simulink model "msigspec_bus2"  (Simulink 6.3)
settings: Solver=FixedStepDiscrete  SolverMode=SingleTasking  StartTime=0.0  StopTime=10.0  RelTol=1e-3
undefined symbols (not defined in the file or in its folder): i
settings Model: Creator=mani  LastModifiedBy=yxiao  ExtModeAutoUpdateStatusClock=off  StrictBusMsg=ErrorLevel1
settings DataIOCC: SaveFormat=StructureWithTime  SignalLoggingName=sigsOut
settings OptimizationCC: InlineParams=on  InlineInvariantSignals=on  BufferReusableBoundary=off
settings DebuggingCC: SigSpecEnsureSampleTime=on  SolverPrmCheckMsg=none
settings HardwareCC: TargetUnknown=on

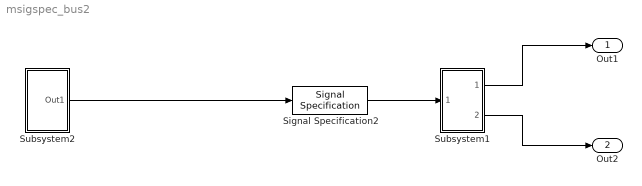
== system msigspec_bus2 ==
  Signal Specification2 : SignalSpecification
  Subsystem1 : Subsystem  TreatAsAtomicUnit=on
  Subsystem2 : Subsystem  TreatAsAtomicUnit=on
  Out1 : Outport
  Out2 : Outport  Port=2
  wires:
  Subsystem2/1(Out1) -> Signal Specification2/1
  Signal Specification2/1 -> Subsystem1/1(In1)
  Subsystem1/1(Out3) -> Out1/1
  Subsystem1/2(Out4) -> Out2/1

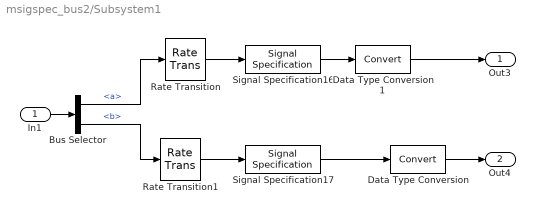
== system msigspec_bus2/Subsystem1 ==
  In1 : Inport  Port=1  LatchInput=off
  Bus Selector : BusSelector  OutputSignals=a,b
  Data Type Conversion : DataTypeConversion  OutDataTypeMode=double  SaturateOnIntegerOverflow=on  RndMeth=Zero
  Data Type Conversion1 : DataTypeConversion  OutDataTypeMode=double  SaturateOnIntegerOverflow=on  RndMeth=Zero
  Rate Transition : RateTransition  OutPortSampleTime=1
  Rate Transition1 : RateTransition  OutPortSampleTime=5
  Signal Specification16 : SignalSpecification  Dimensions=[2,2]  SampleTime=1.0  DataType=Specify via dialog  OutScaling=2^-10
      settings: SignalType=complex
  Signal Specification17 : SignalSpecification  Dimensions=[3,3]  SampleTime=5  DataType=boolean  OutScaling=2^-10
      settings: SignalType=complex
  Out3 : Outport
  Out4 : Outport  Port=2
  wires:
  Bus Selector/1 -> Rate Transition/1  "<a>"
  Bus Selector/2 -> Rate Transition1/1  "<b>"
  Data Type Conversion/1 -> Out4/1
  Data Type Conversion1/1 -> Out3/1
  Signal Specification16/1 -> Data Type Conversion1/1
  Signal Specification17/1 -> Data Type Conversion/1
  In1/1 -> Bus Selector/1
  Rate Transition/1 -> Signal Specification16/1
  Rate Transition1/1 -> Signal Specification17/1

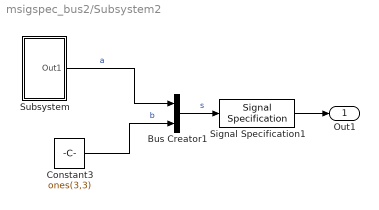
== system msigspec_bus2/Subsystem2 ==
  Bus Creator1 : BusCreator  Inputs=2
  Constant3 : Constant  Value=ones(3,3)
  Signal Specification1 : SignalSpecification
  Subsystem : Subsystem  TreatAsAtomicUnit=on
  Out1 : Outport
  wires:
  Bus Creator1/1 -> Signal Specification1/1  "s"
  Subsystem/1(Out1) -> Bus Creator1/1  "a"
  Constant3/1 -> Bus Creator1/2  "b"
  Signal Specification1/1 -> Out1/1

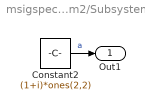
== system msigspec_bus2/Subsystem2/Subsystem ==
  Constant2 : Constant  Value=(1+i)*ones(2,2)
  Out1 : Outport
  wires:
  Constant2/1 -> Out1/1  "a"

━━━━━━━━

DIRECTIONS
What lines in the listing contain "RateTransition"? Copy them all.

RESPONSE
  Rate Transition : RateTransition  OutPortSampleTime=1
  Rate Transition1 : RateTransition  OutPortSampleTime=5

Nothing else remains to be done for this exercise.